Filter the entries and keep only the lines where the string "range" appears.

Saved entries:
[Start of Attachment]

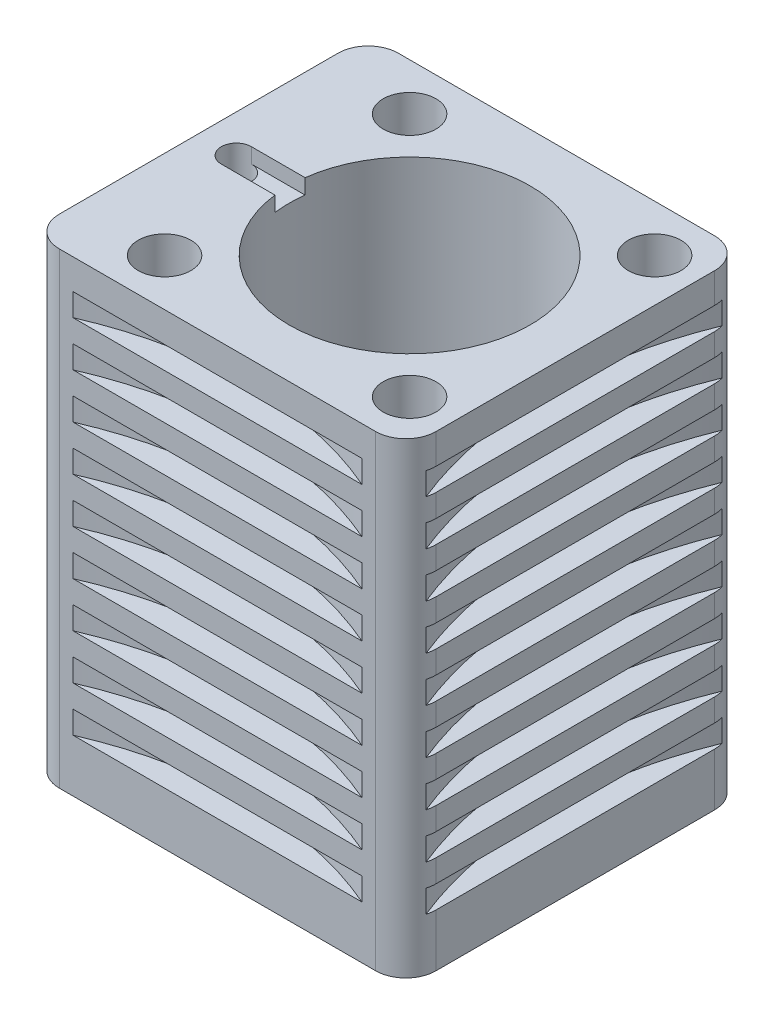
from build123d import *

# Parameters (mm, degrees)
BOSS_EXTRUDE1_DEPTH     = 62
SKETCH3_R               = 18
BOSS_EXTRUDE2_DEPTH     = 2
SKETCH4_R               = 16
CUT_EXTRUDE1_DEPTH      = 74.391075752
CUT_EXTRUDE2_DEPTH      = 2
SKETCH6_R               = 2
CUT_EXTRUDE3_DEPTH      = 72.653680994
SKETCH7_R               = 3.5
CUT_EXTRUDE4_DEPTH      = 74.391075752
SKETCH8_W               = 48
SKETCH8_H               = 3
LPATTERN1_COUNT         = 9
LPATTERN1_PITCH         = 6
MIRROR1_COPY_1_SKETCH_W = 48
MIRROR1_COPY_1_SKETCH_H = 3
MIRROR1_COPY_2_SKETCH_W = 48
MIRROR1_COPY_2_SKETCH_H = 3
MIRROR1_COPY_3_SKETCH_W = 48
MIRROR1_COPY_3_SKETCH_H = 3
MIRROR1_COPY_4_SKETCH_W = 48
MIRROR1_COPY_4_SKETCH_H = 3
MIRROR1_COPY_5_SKETCH_W = 48
MIRROR1_COPY_5_SKETCH_H = 3
MIRROR1_COPY_6_SKETCH_W = 48
MIRROR1_COPY_6_SKETCH_H = 3
MIRROR1_COPY_7_SKETCH_W = 48
MIRROR1_COPY_7_SKETCH_H = 3
MIRROR1_COPY_8_SKETCH_W = 48
MIRROR1_COPY_8_SKETCH_H = 3
SKETCH11_W              = 52.265084003
SKETCH11_H              = 3
LPATTERN2_COUNT         = 9
LPATTERN2_PITCH         = 6


with BuildPart() as part:
    # Sketch1 → Boss-Extrude1 (new body)
    with BuildSketch(Plane(origin=(0, 0, 0), x_dir=(1, 0, 0), z_dir=(0, 1, 0))):
        with BuildLine():
            Line((18, 22.5), (-24, 22.5))
            ThreePointArc((-24, 22.5), (-26.828427125, 21.328427125), (-28, 18.5))
            Line((-28, 18.5), (-28, -18.5))
            ThreePointArc((-28, -18.5), (-26.828427125, -21.328427125), (-24, -22.5))
            Line((-24, -22.5), (18, -22.5))
            ThreePointArc((18, -22.5), (20.828427125, -21.328427125), (22, -18.5))
            Line((22, -18.5), (22, 18.5))
            ThreePointArc((22, 18.5), (20.828427125, 21.328427125), (18, 22.5))
        make_face()
    extrude(amount=-BOSS_EXTRUDE1_DEPTH)

    # Sketch3 → Boss-Extrude2 (add)
    with BuildSketch(Plane.XZ.offset(62)):
        with Locations(Location((0, 0, 0), (0, 0, 270))):
            Circle(SKETCH3_R)
    extrude(amount=BOSS_EXTRUDE2_DEPTH)

    # Sketch4 → Cut-Extrude1 (cut, through all)
    with BuildSketch(Plane(origin=(0, 0, 0), x_dir=(1, 0, 0), z_dir=(0, 1, 0))):
        with Locations(Location((0, 0, 0), (0, 0, 270))):
            Circle(SKETCH4_R)
    extrude(amount=-CUT_EXTRUDE1_DEPTH, mode=Mode.SUBTRACT)

    # Sketch5 → Cut-Extrude2 (cut)
    with BuildSketch(Plane(origin=(0, 0, 0), x_dir=(1, 0, 0), z_dir=(0, 1, 0))):
        with BuildLine():
            Line((-23, 2), (-11, 2))
            ThreePointArc((-11, 2), (-9, 0), (-11, -2))
            Line((-11, -2), (-23, -2))
            ThreePointArc((-23, -2), (-25, 0), (-23, 2))
        make_face()
    extrude(amount=-CUT_EXTRUDE2_DEPTH, mode=Mode.SUBTRACT)

    # Sketch6 → Cut-Extrude3 (cut, through all)
    with BuildSketch(Plane(origin=(0, -2, 0), x_dir=(1, 0, 0), z_dir=(0, 1, 0))):
        with Locations(Location((-23, 0, 0), (0, 0, 270))):
            Circle(SKETCH6_R)
    extrude(amount=-CUT_EXTRUDE3_DEPTH, mode=Mode.SUBTRACT)

    # Sketch7 → Cut-Extrude4 (cut, through all)
    with BuildSketch(Plane(origin=(0, 0, 0), x_dir=(1, 0, 0), z_dir=(0, 1, 0))):
        with Locations(Location((16.263455967, 16.263455967, 0), (0, 0, 270))):
            Circle(SKETCH7_R)
        with Locations(Location((16.263455967, -16.263455967, 0), (0, 0, 270))):
            Circle(SKETCH7_R)
        with Locations(Location((-16.263455967, -16.263455967, 0), (0, 0, 270))):
            Circle(SKETCH7_R)
        with Locations(Location((-16.263455967, 16.263455967, 0), (0, 0, 270))):
            Circle(SKETCH7_R)
    extrude(amount=-CUT_EXTRUDE4_DEPTH, mode=Mode.SUBTRACT)

    # Sketch8 → Cut-Revolve1 (revolve, cut)
    with BuildSketch(Plane(origin=(-3, 0, 0), x_dir=(0, 0, -1), z_dir=(1, 0, 0))):
        with Locations((-42.5, -5.5)):
            Rectangle(SKETCH8_W, SKETCH8_H)
    cut_revolve1 = revolve(axis=Axis((-3, -4, 66.5), (0, -1, 0)), mode=Mode.SUBTRACT)

    # LPattern1: Cut-Revolve1 ×9
    with Locations(*[(0, -i * LPATTERN1_PITCH, 0) for i in range(1, LPATTERN1_COUNT)]):
        add(cut_revolve1, mode=Mode.SUBTRACT)

    # Mirror1: Cut-Revolve1 across plane
    add(cut_revolve1.mirror(Plane.XY), mode=Mode.SUBTRACT)

    # Mirror1 copy 1 sketch → Mirror1 copy 1 (revolve, cut)
    with BuildSketch(Plane(origin=(-3, -6, 0), x_dir=(0, 0, 1), z_dir=(1, 0, 0))):
        with Locations((-42.5, 5.5)):
            Rectangle(MIRROR1_COPY_1_SKETCH_W, MIRROR1_COPY_1_SKETCH_H)
    revolve(axis=Axis((-3, -10, -66.5), (0, 1, 0)), mode=Mode.SUBTRACT)

    # Mirror1 copy 2 sketch → Mirror1 copy 2 (revolve, cut)
    with BuildSketch(Plane(origin=(-3, -12, 0), x_dir=(0, 0, 1), z_dir=(1, 0, 0))):
        with Locations((-42.5, 5.5)):
            Rectangle(MIRROR1_COPY_2_SKETCH_W, MIRROR1_COPY_2_SKETCH_H)
    revolve(axis=Axis((-3, -16, -66.5), (0, 1, 0)), mode=Mode.SUBTRACT)

    # Mirror1 copy 3 sketch → Mirror1 copy 3 (revolve, cut)
    with BuildSketch(Plane(origin=(-3, -18, 0), x_dir=(0, 0, 1), z_dir=(1, 0, 0))):
        with Locations((-42.5, 5.5)):
            Rectangle(MIRROR1_COPY_3_SKETCH_W, MIRROR1_COPY_3_SKETCH_H)
    revolve(axis=Axis((-3, -22, -66.5), (0, 1, 0)), mode=Mode.SUBTRACT)

    # Mirror1 copy 4 sketch → Mirror1 copy 4 (revolve, cut)
    with BuildSketch(Plane(origin=(-3, -24, 0), x_dir=(0, 0, 1), z_dir=(1, 0, 0))):
        with Locations((-42.5, 5.5)):
            Rectangle(MIRROR1_COPY_4_SKETCH_W, MIRROR1_COPY_4_SKETCH_H)
    revolve(axis=Axis((-3, -28, -66.5), (0, 1, 0)), mode=Mode.SUBTRACT)

    # Mirror1 copy 5 sketch → Mirror1 copy 5 (revolve, cut)
    with BuildSketch(Plane(origin=(-3, -30, 0), x_dir=(0, 0, 1), z_dir=(1, 0, 0))):
        with Locations((-42.5, 5.5)):
            Rectangle(MIRROR1_COPY_5_SKETCH_W, MIRROR1_COPY_5_SKETCH_H)
    revolve(axis=Axis((-3, -34, -66.5), (0, 1, 0)), mode=Mode.SUBTRACT)

    # Mirror1 copy 6 sketch → Mirror1 copy 6 (revolve, cut)
    with BuildSketch(Plane(origin=(-3, -36, 0), x_dir=(0, 0, 1), z_dir=(1, 0, 0))):
        with Locations((-42.5, 5.5)):
            Rectangle(MIRROR1_COPY_6_SKETCH_W, MIRROR1_COPY_6_SKETCH_H)
    revolve(axis=Axis((-3, -40, -66.5), (0, 1, 0)), mode=Mode.SUBTRACT)

    # Mirror1 copy 7 sketch → Mirror1 copy 7 (revolve, cut)
    with BuildSketch(Plane(origin=(-3, -42, 0), x_dir=(0, 0, 1), z_dir=(1, 0, 0))):
        with Locations((-42.5, 5.5)):
            Rectangle(MIRROR1_COPY_7_SKETCH_W, MIRROR1_COPY_7_SKETCH_H)
    revolve(axis=Axis((-3, -46, -66.5), (0, 1, 0)), mode=Mode.SUBTRACT)

    # Mirror1 copy 8 sketch → Mirror1 copy 8 (revolve, cut)
    with BuildSketch(Plane(origin=(-3, -48, 0), x_dir=(0, 0, 1), z_dir=(1, 0, 0))):
        with Locations((-42.5, 5.5)):
            Rectangle(MIRROR1_COPY_8_SKETCH_W, MIRROR1_COPY_8_SKETCH_H)
    revolve(axis=Axis((-3, -52, -66.5), (0, 1, 0)), mode=Mode.SUBTRACT)

    # Sketch11 → Cut-Revolve3 (revolve, cut)
    with BuildSketch(Plane.XY):
        with Locations((44.132542001, -5.5)):
            Rectangle(SKETCH11_W, SKETCH11_H)
    cut_revolve3 = revolve(axis=Axis((70.265084003, -4, 0), (0, -1, 0)), mode=Mode.SUBTRACT)

    # LPattern2: Cut-Revolve3 ×9
    with Locations(*[(0, -i * LPATTERN2_PITCH, 0) for i in range(1, LPATTERN2_COUNT)]):
        add(cut_revolve3, mode=Mode.SUBTRACT)


solid = part.part

[End of Attachment]

Solution to the problem:
    with Locations(*[(0, -i * LPATTERN1_PITCH, 0) for i in range(1, LPATTERN1_COUNT)]):
    with Locations(*[(0, -i * LPATTERN2_PITCH, 0) for i in range(1, LPATTERN2_COUNT)]):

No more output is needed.